**Exercise prompt:**
Beginning with the very first line, please reproduce the entries exactly through the line containing "model workspace (MATLAB".

**Data for the task:**
*** Block opens ***
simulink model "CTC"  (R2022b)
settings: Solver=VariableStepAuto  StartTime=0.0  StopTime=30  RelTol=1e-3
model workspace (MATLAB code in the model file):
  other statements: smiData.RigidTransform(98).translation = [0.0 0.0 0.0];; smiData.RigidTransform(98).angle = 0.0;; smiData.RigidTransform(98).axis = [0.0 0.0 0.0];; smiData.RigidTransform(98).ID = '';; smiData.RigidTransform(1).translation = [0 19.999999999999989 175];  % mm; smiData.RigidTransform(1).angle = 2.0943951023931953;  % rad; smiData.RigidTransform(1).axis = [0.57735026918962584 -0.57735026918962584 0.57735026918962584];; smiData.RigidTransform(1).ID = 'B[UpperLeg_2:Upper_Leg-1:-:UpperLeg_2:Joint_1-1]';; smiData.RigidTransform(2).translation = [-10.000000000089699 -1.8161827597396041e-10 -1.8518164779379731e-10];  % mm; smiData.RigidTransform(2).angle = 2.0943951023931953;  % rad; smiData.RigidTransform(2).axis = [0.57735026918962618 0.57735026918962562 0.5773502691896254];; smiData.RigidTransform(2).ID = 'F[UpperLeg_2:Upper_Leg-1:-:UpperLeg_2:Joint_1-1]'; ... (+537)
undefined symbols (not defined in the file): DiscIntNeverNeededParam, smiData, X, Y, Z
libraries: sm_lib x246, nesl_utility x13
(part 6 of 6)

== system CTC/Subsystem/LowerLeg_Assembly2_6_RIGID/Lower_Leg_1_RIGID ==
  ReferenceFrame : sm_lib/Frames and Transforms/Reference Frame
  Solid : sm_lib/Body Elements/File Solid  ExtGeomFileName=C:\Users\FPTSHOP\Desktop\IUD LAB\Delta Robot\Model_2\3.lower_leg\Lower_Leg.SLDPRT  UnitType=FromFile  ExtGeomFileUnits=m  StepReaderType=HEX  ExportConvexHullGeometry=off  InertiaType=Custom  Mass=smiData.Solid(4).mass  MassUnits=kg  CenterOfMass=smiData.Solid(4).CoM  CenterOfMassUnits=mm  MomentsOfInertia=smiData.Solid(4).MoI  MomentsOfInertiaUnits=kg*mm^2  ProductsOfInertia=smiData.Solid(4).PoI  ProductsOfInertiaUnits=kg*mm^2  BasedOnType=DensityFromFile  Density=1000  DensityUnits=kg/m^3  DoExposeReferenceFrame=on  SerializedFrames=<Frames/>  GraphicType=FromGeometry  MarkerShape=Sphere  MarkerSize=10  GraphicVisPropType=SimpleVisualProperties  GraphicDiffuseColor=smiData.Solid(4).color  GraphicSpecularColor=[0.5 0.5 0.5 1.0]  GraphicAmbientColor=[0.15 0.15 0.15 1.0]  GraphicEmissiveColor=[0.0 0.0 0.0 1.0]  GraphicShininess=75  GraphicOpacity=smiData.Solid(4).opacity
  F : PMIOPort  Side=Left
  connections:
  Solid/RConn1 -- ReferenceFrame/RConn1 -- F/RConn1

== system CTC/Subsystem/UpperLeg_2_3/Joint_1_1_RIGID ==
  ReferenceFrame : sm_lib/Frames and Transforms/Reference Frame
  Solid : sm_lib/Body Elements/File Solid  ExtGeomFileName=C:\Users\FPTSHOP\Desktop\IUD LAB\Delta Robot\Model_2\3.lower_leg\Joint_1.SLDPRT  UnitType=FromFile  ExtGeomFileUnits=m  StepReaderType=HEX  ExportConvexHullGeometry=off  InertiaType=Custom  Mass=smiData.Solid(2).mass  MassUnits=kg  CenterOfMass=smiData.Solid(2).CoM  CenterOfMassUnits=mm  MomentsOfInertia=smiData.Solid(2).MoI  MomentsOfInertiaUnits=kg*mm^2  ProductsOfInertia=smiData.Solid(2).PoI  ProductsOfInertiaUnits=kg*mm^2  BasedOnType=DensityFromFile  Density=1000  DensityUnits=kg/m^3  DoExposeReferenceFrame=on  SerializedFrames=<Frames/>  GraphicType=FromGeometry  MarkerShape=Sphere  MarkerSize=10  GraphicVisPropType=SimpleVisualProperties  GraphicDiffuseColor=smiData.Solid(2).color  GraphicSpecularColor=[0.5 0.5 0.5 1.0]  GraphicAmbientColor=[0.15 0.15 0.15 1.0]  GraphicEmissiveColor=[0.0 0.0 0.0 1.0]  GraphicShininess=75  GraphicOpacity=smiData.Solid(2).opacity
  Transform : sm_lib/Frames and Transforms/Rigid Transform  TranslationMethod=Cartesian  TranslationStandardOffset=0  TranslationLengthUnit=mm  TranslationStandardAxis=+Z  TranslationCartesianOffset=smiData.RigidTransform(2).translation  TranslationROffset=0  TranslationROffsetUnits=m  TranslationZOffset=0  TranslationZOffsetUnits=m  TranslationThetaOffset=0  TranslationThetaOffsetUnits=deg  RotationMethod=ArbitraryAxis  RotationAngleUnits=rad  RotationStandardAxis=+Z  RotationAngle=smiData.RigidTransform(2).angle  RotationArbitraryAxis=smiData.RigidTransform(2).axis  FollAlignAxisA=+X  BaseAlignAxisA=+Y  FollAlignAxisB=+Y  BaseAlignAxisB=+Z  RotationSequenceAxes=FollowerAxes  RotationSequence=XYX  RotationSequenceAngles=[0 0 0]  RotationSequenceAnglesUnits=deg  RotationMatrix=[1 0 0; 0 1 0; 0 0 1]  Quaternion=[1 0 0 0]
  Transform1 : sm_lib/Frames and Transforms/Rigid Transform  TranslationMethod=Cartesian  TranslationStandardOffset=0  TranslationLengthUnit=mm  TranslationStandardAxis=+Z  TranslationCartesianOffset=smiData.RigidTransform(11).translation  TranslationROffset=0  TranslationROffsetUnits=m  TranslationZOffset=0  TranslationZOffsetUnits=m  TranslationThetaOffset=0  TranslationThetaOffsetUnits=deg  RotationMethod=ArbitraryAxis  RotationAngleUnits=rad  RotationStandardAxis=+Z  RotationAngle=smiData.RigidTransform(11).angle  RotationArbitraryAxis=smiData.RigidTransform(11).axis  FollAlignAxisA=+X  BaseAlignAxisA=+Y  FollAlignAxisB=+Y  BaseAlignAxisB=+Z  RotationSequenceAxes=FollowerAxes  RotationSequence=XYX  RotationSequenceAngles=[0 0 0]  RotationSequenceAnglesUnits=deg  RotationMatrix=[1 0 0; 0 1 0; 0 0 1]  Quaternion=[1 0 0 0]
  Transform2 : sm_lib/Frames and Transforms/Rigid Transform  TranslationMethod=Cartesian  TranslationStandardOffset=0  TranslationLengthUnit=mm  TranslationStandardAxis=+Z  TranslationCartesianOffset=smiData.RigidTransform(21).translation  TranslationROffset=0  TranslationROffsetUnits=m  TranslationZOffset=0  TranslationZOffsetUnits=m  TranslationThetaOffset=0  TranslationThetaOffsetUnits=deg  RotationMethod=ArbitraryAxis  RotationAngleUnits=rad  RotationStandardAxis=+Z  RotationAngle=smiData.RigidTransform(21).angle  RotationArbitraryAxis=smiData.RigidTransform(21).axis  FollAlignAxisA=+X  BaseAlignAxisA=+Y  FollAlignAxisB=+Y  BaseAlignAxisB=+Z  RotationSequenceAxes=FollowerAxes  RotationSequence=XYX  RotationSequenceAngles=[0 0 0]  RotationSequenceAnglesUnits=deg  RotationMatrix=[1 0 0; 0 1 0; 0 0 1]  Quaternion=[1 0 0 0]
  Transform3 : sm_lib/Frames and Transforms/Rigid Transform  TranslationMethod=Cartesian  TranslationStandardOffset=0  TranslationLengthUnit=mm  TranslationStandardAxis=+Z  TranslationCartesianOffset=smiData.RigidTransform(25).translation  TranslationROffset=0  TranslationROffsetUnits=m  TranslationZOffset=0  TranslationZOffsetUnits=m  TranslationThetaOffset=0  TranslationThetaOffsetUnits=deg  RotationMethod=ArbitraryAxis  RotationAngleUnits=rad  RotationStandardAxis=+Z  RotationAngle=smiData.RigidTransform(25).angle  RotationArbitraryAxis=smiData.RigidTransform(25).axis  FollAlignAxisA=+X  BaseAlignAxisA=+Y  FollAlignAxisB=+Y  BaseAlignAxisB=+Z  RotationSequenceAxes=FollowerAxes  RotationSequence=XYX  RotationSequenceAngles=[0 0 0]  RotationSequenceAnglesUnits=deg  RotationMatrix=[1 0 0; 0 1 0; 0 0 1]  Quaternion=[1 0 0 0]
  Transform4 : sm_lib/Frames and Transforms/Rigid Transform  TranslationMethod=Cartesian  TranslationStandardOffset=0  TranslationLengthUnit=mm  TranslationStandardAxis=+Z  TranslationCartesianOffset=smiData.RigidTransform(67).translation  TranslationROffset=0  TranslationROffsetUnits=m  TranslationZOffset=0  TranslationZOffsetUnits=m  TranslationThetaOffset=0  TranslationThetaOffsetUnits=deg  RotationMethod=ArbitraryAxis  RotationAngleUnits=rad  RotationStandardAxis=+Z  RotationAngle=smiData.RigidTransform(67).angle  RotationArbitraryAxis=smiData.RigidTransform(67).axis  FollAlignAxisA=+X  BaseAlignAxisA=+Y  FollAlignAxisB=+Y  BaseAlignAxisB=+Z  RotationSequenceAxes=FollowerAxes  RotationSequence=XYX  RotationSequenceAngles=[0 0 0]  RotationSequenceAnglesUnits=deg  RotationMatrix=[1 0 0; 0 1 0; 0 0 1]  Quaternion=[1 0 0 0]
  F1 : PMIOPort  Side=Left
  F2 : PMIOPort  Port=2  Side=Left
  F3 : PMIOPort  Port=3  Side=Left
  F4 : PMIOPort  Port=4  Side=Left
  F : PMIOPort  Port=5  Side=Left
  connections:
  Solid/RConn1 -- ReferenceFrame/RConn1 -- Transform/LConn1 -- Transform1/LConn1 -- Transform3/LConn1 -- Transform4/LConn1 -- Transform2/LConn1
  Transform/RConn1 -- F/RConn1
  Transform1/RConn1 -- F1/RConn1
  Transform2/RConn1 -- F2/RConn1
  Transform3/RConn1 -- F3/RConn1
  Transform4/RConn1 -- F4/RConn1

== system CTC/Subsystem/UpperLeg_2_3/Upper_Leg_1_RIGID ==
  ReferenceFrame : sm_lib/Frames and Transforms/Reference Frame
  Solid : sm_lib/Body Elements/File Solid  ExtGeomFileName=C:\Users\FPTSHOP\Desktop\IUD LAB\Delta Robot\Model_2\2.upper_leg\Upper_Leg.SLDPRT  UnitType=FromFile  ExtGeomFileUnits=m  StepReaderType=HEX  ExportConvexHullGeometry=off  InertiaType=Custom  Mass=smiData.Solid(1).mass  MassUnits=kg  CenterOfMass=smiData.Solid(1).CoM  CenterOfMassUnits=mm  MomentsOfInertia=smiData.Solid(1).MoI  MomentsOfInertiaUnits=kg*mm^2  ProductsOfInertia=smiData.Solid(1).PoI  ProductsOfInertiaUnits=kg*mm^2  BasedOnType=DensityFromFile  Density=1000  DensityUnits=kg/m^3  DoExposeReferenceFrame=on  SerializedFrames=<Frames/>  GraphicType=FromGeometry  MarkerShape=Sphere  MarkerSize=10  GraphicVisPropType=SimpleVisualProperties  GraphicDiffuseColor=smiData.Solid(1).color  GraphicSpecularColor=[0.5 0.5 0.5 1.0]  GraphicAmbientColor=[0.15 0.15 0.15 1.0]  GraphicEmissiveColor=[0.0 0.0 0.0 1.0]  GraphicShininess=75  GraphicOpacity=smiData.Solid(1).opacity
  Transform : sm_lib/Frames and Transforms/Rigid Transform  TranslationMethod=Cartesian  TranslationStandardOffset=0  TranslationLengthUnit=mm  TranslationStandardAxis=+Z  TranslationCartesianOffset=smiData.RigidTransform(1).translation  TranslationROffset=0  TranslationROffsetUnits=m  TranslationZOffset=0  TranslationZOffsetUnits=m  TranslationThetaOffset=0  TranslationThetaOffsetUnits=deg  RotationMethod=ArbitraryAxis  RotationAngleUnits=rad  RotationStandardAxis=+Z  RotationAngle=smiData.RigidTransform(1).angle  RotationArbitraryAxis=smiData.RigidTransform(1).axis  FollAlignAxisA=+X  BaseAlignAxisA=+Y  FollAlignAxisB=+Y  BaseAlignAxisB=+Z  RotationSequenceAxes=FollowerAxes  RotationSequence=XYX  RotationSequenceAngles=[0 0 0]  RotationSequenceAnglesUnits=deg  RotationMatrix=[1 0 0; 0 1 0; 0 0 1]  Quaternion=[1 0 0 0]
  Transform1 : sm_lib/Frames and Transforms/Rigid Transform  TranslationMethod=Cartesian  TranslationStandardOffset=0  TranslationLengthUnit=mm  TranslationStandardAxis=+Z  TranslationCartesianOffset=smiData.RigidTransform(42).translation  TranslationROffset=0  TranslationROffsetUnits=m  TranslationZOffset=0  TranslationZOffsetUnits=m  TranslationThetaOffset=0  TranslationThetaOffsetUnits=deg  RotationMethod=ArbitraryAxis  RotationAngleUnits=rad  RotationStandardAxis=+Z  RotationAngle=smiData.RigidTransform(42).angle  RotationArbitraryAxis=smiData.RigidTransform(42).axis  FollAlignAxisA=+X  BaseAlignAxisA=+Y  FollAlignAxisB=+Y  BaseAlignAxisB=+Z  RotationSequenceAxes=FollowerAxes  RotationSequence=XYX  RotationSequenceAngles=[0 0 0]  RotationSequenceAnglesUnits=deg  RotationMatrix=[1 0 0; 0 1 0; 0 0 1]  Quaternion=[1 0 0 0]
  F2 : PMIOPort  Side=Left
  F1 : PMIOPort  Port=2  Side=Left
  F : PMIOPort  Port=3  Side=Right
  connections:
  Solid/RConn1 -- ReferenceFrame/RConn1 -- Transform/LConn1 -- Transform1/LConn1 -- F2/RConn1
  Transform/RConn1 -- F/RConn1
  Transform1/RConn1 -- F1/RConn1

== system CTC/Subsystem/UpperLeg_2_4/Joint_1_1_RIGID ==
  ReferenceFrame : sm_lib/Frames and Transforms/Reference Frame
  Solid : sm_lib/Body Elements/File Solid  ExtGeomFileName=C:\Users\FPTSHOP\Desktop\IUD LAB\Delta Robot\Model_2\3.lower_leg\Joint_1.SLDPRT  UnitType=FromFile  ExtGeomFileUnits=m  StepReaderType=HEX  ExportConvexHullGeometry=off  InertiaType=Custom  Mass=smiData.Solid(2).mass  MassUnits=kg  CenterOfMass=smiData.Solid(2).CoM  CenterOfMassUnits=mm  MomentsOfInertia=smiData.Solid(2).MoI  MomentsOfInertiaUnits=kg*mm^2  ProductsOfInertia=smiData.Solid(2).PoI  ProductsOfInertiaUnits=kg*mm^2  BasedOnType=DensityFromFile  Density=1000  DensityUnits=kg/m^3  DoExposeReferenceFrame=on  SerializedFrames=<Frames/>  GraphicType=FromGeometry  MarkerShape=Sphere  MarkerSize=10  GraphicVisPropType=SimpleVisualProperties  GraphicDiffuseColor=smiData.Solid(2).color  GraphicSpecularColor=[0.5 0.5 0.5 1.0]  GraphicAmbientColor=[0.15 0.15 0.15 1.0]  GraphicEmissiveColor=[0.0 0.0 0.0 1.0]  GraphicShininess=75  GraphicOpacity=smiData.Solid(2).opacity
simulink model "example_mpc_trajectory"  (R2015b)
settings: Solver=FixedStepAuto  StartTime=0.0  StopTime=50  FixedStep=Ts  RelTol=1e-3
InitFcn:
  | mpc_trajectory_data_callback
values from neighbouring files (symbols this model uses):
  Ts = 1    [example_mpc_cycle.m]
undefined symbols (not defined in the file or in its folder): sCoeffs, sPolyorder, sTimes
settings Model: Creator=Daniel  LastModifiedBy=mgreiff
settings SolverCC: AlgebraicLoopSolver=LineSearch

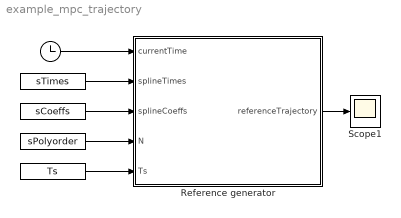
== system example_mpc_trajectory ==
  " " : Constant  Value=Ts
  "  " : Constant  Value=sPolyorder
  "   " : Constant  Value=sCoeffs
  "    " : Constant  Value=sTimes
  "      " : Clock
  Reference generator : MATLAB Function  TreatAsAtomicUnit=on
  Scope1 : Scope
  wires:
  "      "/1 -> Reference generator/1(currentTime)
  "    "/1 -> Reference generator/2(splineTimes)
  Reference generator/1(referenceTrajectory) -> Scope1/1
  "   "/1 -> Reference generator/3(splineCoeffs)
  "  "/1 -> Reference generator/4(N)
  " "/1 -> Reference generator/5(Ts)

== matlab function example_mpc_trajectory/Reference generator ==
  data: currentTime input; referenceTrajectory output; splineTimes input; splineCoeffs input; N input; Ts input
function referenceTrajectory = fcn(currentTime, splineTimes, splineCoeffs, N, Ts)
%#codegen

predHorizon = 4; % Number of points on the prediction horizon

times = currentTime + Ts.* (0:predHorizon-1);
referenceTrajectory = zeros(6,predHorizon);

for ii = 1:predHorizon
    % Finds the spline to evaluate
    T = times(ii);
    splineNumber = sum(splineTimes <=  T);

    % Treats the case when the time is outside the defined interval [t_0,t_s]
    if splineNumber == 0
        disp('Tried to evaluate spline before t_0, setting reference to the initial spline point.')
        T = splineTimes(1);
        splineNumber = 1;
    elseif T >= splineTimes(end)
        disp('Tried to evaluate spline after t_s, keeping position in terinal spline point')
        T = splineTimes(end);
        splineNumber = length(splineCoeffs(:,1))/(N + 1);
    end
    % Evaluates splines and stores data in referenceTrajectory
    for dim = 1:3
        startIndex = (N + 1) * (splineNumber - 1) + 1;
        endIndex = (N + 1) * splineNumber;
        poscoeff = splineCoeffs(startIndex:endIndex,dim);
        poscoeff = poscoeff(end:-1:1); % Reverses for polyval
        tt = T - splineTimes(splineNumber);

        % Position
        referenceTrajectory(dim,ii) = polyval(poscoeff,tt);

        % Velocity
        poscoeff(end) = [];
        velcoeff = (length(poscoeff):-1:1)'.*poscoeff; 
        referenceTrajectory(dim + 3,ii) = polyval(velcoeff,tt);
    end
end
*** Block closes ***
**Task output:**
simulink model "CTC"  (R2022b)
settings: Solver=VariableStepAuto  StartTime=0.0  StopTime=30  RelTol=1e-3
model workspace (MATLAB code in the model file):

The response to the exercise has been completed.